• **Record set**:
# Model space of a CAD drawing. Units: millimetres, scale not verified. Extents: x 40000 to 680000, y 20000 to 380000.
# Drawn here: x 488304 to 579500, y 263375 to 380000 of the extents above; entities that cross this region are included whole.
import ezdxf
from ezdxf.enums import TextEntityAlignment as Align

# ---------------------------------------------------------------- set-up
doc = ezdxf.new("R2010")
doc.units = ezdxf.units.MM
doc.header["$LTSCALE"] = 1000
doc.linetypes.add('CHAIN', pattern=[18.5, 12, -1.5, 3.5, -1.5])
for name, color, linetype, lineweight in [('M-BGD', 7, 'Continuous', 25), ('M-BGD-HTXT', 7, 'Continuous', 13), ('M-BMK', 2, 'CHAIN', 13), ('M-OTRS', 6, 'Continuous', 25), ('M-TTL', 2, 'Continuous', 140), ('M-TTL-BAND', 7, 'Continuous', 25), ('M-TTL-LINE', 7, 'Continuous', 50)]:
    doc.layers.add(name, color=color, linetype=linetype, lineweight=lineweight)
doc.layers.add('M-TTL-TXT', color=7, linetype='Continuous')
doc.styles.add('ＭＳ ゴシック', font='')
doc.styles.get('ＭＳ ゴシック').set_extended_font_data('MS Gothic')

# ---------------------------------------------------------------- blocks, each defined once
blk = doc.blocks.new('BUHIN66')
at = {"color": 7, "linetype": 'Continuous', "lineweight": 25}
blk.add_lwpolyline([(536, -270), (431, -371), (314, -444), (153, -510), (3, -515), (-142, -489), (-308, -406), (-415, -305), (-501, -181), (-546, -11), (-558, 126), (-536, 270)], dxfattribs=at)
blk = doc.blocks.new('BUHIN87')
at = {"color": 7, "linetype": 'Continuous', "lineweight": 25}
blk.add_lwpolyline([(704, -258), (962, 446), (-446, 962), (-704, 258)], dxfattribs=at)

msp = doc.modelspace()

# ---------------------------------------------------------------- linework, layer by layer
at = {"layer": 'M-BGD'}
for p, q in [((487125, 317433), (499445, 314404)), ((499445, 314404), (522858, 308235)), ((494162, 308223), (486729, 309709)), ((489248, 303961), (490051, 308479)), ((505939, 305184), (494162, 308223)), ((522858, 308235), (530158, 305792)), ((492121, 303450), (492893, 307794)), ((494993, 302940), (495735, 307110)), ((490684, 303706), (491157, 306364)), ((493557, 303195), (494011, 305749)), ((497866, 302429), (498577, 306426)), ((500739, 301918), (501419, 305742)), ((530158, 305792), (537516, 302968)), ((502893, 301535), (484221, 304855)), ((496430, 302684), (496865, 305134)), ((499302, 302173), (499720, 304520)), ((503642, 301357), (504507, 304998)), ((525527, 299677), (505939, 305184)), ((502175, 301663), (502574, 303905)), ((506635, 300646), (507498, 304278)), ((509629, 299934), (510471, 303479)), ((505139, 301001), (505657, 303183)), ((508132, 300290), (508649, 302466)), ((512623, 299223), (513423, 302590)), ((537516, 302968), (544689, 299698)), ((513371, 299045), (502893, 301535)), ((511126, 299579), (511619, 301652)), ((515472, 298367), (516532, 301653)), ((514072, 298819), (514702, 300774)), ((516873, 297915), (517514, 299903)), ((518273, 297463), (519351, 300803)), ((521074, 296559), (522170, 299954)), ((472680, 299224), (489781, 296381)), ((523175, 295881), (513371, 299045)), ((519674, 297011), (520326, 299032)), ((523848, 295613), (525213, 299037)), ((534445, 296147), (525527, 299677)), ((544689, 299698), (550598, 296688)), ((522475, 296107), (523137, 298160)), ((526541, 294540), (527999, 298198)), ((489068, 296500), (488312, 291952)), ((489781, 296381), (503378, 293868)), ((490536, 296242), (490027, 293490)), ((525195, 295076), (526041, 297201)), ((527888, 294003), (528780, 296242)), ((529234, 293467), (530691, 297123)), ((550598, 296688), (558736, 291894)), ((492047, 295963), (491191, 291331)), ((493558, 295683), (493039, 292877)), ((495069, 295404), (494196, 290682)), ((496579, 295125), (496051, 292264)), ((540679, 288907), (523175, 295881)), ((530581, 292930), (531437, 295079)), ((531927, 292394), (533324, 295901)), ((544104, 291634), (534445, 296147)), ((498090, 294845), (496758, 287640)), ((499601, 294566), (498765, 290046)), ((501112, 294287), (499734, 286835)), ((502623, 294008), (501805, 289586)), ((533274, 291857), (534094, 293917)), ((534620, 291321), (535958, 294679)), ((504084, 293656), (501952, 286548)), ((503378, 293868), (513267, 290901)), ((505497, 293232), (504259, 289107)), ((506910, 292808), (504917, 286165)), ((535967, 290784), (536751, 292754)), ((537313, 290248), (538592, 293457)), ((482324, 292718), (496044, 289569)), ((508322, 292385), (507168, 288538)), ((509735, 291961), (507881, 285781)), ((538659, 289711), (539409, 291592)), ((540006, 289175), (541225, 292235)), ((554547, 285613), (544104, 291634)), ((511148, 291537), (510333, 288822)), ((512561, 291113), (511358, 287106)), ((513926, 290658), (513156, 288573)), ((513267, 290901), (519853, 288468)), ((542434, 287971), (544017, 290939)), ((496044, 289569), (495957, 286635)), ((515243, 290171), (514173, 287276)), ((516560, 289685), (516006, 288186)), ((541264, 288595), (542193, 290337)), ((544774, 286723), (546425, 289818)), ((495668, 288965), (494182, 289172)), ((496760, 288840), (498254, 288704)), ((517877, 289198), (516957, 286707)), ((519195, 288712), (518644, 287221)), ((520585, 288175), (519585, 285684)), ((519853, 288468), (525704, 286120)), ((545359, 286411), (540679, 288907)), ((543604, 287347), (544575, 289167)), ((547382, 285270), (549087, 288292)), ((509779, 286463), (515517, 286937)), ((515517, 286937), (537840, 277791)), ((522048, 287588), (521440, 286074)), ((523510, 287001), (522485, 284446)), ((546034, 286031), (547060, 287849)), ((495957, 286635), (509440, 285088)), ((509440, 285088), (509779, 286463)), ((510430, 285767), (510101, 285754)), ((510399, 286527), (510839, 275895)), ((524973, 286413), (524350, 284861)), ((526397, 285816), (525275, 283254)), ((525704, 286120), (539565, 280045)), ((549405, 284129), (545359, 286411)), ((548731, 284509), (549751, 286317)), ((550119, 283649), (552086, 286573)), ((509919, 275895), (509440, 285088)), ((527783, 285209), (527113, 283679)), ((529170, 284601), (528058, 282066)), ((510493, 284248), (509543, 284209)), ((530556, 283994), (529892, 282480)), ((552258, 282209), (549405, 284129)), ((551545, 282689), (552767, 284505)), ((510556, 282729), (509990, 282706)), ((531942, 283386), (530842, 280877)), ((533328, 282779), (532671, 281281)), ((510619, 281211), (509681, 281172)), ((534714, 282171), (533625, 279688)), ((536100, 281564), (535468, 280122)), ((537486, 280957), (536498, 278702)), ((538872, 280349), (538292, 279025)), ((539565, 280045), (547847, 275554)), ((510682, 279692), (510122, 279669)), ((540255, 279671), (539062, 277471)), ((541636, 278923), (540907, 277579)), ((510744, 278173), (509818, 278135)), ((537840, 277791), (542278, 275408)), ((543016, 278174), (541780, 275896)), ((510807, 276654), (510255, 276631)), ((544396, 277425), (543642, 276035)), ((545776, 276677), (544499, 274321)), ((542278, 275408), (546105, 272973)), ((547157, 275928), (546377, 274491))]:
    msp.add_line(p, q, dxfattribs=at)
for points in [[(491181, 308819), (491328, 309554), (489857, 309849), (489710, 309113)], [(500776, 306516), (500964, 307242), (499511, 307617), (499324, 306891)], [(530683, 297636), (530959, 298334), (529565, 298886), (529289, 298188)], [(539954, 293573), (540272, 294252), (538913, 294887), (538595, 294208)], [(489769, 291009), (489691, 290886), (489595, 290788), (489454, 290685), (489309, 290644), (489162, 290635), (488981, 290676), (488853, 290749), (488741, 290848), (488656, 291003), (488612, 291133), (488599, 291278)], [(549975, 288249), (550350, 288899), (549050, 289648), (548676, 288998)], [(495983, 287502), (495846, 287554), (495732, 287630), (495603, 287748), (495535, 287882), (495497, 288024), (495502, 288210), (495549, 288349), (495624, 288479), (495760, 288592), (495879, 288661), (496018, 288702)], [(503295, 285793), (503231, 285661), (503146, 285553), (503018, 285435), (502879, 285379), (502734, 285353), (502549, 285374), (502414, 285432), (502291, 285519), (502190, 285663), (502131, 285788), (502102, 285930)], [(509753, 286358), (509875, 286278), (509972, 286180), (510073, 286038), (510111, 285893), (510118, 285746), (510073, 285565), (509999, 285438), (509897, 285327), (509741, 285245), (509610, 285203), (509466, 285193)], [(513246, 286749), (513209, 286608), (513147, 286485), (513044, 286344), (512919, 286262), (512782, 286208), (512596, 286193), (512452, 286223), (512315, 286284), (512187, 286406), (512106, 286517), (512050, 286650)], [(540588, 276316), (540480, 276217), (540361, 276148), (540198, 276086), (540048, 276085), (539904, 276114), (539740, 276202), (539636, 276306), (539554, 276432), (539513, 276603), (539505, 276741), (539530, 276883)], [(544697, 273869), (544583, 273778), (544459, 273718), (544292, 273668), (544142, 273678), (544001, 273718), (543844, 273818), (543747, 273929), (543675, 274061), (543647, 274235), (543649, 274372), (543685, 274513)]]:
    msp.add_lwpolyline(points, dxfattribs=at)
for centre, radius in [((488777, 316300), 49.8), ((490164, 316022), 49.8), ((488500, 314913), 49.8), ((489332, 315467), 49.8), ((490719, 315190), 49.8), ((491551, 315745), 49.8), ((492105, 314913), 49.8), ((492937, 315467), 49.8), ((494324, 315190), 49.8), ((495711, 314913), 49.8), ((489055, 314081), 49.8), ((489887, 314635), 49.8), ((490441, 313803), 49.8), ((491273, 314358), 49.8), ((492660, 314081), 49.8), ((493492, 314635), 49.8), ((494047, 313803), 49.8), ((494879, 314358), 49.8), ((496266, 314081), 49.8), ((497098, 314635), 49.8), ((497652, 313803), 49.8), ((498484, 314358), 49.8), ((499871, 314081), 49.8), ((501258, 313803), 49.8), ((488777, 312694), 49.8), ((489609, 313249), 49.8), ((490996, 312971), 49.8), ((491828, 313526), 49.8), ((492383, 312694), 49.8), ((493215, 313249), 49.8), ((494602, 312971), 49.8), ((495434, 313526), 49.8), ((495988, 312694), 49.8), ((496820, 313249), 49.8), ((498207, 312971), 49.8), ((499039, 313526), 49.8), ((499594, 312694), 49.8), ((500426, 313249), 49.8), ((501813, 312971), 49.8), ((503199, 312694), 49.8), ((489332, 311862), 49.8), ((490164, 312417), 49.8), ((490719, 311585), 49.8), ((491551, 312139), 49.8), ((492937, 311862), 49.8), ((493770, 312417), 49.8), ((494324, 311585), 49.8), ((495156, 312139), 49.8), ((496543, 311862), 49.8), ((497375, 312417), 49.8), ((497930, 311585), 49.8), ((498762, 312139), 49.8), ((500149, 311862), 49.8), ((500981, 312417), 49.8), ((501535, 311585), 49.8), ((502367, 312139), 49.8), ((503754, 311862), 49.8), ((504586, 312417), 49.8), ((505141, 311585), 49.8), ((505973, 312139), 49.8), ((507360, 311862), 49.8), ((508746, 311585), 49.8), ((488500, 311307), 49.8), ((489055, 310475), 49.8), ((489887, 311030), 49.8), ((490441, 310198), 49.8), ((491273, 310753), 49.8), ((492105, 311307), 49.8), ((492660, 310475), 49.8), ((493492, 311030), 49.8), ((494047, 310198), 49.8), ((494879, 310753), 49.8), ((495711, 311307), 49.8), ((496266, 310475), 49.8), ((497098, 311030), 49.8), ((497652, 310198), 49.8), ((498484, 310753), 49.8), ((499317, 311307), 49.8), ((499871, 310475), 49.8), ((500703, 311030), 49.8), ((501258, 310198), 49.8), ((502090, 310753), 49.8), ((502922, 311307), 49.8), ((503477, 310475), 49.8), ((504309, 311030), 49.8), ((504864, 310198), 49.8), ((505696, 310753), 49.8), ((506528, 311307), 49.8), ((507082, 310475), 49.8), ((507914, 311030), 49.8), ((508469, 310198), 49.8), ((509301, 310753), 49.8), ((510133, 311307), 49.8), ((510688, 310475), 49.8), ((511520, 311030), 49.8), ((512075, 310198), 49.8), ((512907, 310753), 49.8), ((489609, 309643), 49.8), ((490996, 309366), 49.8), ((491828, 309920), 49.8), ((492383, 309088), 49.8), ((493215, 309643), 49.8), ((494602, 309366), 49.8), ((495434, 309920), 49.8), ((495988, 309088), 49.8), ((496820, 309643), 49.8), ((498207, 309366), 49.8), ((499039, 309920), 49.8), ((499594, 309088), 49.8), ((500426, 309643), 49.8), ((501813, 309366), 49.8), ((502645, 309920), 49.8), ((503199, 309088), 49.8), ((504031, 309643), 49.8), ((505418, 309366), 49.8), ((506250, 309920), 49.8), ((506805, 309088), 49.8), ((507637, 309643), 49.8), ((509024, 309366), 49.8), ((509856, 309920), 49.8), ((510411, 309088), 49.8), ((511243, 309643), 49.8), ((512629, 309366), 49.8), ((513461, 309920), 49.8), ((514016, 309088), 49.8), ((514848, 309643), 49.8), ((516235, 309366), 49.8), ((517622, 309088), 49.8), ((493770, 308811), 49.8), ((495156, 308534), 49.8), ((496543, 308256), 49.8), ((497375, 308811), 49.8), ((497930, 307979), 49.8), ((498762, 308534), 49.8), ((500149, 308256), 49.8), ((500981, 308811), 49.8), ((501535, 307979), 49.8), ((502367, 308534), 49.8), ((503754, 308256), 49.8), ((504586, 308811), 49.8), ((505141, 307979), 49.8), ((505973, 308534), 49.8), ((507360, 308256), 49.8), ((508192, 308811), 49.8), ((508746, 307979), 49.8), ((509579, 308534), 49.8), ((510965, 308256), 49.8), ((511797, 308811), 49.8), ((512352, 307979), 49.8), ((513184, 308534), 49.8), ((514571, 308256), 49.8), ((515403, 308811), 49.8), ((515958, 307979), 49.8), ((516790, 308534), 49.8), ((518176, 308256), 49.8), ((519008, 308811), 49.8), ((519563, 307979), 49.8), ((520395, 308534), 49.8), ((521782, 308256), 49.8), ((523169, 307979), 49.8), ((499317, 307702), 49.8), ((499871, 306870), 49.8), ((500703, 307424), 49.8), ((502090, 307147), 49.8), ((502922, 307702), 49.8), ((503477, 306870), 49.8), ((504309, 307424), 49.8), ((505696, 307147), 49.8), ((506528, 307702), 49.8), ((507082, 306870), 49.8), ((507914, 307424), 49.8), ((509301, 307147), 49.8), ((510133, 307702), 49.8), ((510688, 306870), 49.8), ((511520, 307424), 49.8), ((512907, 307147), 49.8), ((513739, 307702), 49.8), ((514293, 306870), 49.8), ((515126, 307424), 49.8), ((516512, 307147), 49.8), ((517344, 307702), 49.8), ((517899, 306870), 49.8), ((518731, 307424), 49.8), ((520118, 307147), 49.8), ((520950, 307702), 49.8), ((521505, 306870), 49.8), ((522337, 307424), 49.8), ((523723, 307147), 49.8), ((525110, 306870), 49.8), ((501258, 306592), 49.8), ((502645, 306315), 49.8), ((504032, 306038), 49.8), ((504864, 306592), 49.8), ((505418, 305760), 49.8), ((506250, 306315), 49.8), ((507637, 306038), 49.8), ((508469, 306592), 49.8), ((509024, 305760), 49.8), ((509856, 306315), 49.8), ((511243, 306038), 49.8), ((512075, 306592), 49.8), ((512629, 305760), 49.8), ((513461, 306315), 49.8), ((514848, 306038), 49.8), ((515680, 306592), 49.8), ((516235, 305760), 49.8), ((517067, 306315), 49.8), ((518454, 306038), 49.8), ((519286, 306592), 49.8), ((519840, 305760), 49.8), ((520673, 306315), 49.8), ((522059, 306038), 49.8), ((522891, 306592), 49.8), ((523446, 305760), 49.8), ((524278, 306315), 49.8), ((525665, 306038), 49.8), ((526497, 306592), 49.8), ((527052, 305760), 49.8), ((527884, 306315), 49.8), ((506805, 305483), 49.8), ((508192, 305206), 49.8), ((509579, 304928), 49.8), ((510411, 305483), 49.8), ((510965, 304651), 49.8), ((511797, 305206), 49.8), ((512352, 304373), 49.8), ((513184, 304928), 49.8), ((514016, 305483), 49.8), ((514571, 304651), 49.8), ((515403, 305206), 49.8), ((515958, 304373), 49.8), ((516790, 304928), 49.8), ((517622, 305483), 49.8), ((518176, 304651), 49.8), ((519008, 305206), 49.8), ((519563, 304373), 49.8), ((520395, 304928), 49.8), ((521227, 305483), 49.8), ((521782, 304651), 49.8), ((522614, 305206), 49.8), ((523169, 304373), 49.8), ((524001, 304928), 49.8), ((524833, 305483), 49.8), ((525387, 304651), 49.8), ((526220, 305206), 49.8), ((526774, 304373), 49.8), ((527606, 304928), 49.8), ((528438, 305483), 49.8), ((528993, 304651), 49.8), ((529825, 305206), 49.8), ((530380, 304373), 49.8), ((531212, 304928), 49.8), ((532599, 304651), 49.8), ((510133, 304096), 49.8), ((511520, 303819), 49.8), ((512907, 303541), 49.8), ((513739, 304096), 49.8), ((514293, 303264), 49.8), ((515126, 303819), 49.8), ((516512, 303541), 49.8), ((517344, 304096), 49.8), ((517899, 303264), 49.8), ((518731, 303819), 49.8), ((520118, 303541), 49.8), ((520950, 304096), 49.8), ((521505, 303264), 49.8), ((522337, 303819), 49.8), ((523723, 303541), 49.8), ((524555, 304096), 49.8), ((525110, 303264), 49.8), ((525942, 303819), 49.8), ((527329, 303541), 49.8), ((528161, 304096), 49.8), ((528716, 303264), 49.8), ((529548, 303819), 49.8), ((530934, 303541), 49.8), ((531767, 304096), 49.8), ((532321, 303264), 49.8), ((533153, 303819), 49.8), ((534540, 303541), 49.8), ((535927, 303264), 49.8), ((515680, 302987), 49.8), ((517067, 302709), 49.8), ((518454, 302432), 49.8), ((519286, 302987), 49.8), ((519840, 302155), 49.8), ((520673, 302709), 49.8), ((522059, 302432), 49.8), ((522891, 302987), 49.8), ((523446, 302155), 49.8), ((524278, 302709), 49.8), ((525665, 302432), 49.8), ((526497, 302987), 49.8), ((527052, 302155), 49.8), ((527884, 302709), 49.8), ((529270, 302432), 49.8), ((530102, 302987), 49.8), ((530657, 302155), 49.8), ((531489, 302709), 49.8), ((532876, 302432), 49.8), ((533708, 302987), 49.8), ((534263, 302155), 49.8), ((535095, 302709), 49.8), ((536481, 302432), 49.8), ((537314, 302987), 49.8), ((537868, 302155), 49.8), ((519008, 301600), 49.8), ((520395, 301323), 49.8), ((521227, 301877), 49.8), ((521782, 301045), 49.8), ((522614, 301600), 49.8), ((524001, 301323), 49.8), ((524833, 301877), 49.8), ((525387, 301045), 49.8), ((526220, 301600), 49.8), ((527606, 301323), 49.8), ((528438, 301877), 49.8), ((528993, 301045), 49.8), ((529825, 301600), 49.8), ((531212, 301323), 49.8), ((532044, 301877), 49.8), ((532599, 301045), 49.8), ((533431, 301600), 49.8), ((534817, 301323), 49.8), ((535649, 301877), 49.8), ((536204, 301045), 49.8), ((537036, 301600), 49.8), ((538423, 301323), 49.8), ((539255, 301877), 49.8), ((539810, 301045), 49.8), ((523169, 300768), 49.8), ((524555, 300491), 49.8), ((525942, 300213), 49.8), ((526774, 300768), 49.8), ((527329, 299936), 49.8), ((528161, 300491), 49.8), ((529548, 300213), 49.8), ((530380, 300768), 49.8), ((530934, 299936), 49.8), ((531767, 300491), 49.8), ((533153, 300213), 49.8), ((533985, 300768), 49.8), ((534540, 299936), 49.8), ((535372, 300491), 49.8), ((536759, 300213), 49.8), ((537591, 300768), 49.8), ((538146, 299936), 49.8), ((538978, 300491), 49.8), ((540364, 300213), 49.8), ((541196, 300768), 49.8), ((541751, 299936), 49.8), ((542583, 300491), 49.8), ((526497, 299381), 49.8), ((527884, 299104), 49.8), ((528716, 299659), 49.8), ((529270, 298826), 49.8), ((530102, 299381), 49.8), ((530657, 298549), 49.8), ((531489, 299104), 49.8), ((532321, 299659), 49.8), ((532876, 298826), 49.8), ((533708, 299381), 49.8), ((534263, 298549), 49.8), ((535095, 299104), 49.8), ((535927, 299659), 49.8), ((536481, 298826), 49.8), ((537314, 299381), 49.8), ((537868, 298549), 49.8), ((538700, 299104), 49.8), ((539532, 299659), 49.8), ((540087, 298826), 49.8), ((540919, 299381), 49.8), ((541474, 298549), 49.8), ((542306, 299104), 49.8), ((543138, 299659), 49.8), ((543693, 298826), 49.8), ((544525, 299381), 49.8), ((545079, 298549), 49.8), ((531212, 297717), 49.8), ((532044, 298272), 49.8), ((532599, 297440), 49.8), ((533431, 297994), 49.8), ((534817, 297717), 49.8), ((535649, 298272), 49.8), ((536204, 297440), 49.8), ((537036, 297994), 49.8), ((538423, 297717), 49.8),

• **What you are asked to do**: Search the data for "color". Copy every matching line.

• **Result of the exercise**:
for name, color, linetype, lineweight in [('M-BGD', 7, 'Continuous', 25), ('M-BGD-HTXT', 7, 'Continuous', 13), ('M-BMK', 2, 'CHAIN', 13), ('M-OTRS', 6, 'Continuous', 25), ('M-TTL', 2, 'Continuous', 140), ('M-TTL-BAND', 7, 'Continuous', 25), ('M-TTL-LINE', 7, 'Continuous', 50)]:
    doc.layers.add(name, color=color, linetype=linetype, lineweight=lineweight)
doc.layers.add('M-TTL-TXT', color=7, linetype='Continuous')
at = {"color": 7, "linetype": 'Continuous', "lineweight": 25}
at = {"color": 7, "linetype": 'Continuous', "lineweight": 25}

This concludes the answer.